Since the time for recalculation tends to dominate total solution time, an SQP method that requires fewer major iterations is typically faster than a GRG method, even though it "does more work" at each major iteration - and this speed advantage grows with the size of the problem.  In V8.0, these solution methods are greatly enhanced -- the Large-Scale SQP Solver now handles problems with up to ten times as many degrees of freedom as in previous versions!

Sparse Matrix Storage

Sparse matrix storage methods take advantage of sparsity in large models, where subsets of the constraints typically depend on only a small subset of the variables.

For example, the Jacobian matrix (the matrix of partial derivatives of the objective and constraints with respect to the variables) for a problem with 2,000 variables and 2,000 constraints would take about 32 megabytes for matrix storage using dense storage methods, but if this problem has the sparsity typical of larger models, it would take as little as 1 to 1.5 megabytes using the sophisticated sparse matrix storage methods in the Large-Scale SQP Solver.

Improved Methods for Numerical Stability

Large nonlinear models require hundreds of thousands to millions of floating-point arithmetic calculations. Because of the finite precision inherent in computer arithmetic, small numerical errors occur in these calculations. Nonlinear models are particularly susceptible to the cumulative effect of these errors, which can lead to a numerically unstable or ill-conditioned matrix representation of the problem.

The Large-Scale SQP Solver uses several advanced methods to deal with numerical stability, including advanced matrix factorization methods, and "elastic programming" methods for dealing with infeasibility in the QP subproblems or the overall problem. Thanks to these methods, the Large-Scale SQP Solver can find very good or optimal solutions to problems that could not be solved at all with more primitive nonlinear optimizers.

Options for Mixed-Integer Nonlinear Problems

 The Large-Scale SQP Solver uses Premium Solver Platform's Branch and Bound method to handle integer variables and "alldifferent" constraints.  If your problem includes integer constraints, you can obtain a quick solution of the relaxation (temporarily ignoring the integer constraints) without having to delete these constraints and then re-enter them later.You can control the number of Branch and Bound subproblems and the number of integer feasible solutions found before the Solver stops.  And you can speed up the solution of problems with integer constraints by supplying an integer cutoff value -- often known from a previous run. Large-Scale SQP Solver Integer Options dialog

In Version 8.0, the Large-Scale SQP Solver offers several new methods for faster solution of linear programming problems with integer variables.

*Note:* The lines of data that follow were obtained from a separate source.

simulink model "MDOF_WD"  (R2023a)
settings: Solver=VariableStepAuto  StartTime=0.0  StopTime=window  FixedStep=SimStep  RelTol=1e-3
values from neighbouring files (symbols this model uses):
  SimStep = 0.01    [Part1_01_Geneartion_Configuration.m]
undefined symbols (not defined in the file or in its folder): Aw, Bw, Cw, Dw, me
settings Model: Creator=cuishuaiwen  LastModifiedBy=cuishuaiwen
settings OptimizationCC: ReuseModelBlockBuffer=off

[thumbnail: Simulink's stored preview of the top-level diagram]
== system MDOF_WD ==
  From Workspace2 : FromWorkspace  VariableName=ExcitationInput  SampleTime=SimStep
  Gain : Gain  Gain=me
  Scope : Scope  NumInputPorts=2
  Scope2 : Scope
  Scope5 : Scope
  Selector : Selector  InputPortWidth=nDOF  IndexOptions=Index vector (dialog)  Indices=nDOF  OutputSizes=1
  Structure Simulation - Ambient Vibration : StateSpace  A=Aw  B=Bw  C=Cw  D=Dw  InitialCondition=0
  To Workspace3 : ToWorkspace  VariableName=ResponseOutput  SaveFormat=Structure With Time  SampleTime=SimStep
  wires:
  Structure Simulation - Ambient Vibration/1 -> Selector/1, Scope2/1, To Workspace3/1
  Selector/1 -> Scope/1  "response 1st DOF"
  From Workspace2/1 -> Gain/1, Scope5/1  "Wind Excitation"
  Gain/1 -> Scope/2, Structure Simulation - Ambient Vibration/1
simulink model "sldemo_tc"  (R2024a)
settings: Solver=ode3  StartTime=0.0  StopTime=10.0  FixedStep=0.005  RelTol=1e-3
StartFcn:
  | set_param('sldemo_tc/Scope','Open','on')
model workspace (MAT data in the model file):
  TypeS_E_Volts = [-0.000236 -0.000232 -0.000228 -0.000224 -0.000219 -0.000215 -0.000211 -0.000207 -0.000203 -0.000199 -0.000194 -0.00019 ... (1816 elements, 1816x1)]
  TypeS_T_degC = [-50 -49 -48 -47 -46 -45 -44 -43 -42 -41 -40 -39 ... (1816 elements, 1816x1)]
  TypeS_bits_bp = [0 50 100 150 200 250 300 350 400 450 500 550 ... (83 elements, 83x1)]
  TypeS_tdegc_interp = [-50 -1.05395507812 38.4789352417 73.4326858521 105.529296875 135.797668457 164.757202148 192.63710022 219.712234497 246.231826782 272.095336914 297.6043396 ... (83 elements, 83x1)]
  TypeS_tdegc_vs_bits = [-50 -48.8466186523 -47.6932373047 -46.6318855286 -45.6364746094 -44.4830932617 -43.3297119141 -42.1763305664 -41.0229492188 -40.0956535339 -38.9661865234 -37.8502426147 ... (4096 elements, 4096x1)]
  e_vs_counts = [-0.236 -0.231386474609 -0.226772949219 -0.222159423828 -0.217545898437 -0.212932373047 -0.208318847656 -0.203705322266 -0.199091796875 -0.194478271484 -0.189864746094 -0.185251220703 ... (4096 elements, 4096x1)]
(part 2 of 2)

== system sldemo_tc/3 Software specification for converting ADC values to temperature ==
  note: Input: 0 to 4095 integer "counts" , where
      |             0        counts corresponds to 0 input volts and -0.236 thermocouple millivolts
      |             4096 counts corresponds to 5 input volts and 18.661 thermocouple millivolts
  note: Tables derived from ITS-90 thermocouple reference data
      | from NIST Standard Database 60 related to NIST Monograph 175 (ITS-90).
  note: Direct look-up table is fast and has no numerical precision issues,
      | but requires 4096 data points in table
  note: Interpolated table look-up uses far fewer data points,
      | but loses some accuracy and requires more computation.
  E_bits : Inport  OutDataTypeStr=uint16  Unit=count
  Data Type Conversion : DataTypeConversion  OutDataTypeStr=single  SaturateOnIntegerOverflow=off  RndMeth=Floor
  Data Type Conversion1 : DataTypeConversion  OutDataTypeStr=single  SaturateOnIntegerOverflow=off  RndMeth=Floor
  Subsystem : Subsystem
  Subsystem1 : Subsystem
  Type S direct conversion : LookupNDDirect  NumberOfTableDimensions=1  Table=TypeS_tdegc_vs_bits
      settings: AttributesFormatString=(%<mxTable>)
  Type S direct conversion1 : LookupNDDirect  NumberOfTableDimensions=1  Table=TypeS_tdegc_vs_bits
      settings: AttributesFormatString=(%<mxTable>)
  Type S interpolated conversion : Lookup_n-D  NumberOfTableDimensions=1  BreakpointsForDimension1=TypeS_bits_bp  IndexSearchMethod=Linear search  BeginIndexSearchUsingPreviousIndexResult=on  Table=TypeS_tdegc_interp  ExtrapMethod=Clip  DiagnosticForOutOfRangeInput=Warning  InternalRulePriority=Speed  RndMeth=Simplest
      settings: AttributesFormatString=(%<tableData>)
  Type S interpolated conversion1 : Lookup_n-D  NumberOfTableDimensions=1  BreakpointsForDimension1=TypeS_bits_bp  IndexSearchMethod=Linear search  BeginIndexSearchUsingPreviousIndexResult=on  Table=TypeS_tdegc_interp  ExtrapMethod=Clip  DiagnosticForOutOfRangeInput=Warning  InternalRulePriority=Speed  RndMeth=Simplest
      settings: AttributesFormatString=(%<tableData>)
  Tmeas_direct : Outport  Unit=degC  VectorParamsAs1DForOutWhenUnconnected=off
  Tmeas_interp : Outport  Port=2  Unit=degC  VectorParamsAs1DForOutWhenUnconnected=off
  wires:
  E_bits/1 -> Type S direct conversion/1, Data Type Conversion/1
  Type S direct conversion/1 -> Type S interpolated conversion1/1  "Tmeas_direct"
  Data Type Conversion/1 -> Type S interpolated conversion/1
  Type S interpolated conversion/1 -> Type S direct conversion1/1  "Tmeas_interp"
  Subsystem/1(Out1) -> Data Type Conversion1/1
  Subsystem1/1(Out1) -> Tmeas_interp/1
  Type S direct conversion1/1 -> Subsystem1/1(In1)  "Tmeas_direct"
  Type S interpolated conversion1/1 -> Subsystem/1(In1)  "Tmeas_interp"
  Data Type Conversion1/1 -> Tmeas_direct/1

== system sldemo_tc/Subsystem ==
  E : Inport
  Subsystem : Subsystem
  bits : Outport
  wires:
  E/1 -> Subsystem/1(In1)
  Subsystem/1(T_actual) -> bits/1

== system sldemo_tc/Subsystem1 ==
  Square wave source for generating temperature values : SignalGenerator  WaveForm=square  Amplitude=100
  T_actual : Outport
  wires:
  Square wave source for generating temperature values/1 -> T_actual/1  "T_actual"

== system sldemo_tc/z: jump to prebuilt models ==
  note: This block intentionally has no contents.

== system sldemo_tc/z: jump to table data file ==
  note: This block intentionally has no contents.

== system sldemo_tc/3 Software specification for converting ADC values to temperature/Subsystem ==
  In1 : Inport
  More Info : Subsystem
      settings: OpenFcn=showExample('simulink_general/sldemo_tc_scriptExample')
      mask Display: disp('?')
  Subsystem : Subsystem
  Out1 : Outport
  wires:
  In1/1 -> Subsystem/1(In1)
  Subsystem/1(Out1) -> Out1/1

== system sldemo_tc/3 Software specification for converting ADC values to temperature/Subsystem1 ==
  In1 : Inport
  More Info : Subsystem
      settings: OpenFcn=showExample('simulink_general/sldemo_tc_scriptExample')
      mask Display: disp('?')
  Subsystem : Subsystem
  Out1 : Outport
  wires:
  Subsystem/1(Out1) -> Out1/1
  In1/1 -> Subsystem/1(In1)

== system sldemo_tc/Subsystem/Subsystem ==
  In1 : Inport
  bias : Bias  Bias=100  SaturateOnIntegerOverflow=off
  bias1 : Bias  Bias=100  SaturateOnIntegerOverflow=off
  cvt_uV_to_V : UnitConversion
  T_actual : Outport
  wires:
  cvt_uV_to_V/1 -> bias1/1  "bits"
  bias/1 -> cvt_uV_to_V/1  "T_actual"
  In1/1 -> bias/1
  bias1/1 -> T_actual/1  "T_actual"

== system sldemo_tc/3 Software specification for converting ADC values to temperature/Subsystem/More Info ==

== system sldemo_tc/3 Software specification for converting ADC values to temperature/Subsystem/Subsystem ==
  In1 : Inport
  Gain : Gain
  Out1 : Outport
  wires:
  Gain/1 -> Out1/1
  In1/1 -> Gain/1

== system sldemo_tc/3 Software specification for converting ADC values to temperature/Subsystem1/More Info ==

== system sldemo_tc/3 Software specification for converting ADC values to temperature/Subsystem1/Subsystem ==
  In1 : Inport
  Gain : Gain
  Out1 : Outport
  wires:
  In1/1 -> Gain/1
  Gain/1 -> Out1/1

It uses preprocessing and probing techniques to preset values for some binary integer variables based on the settings of others.  It automatically recognizes, and takes advantage of "cliques" (also called Special Ordered Sets), tightens bounds on constraints, and reorders the variables to be branched upon.  It also uses cut generation techniques to automatically add new constraints, known as knapsack cuts or lifted cover inequalities, that reduce the size of the LP feasible region without eliminating any integer solutions. These methods can save significant time on LP/MIP problems, depending on the model.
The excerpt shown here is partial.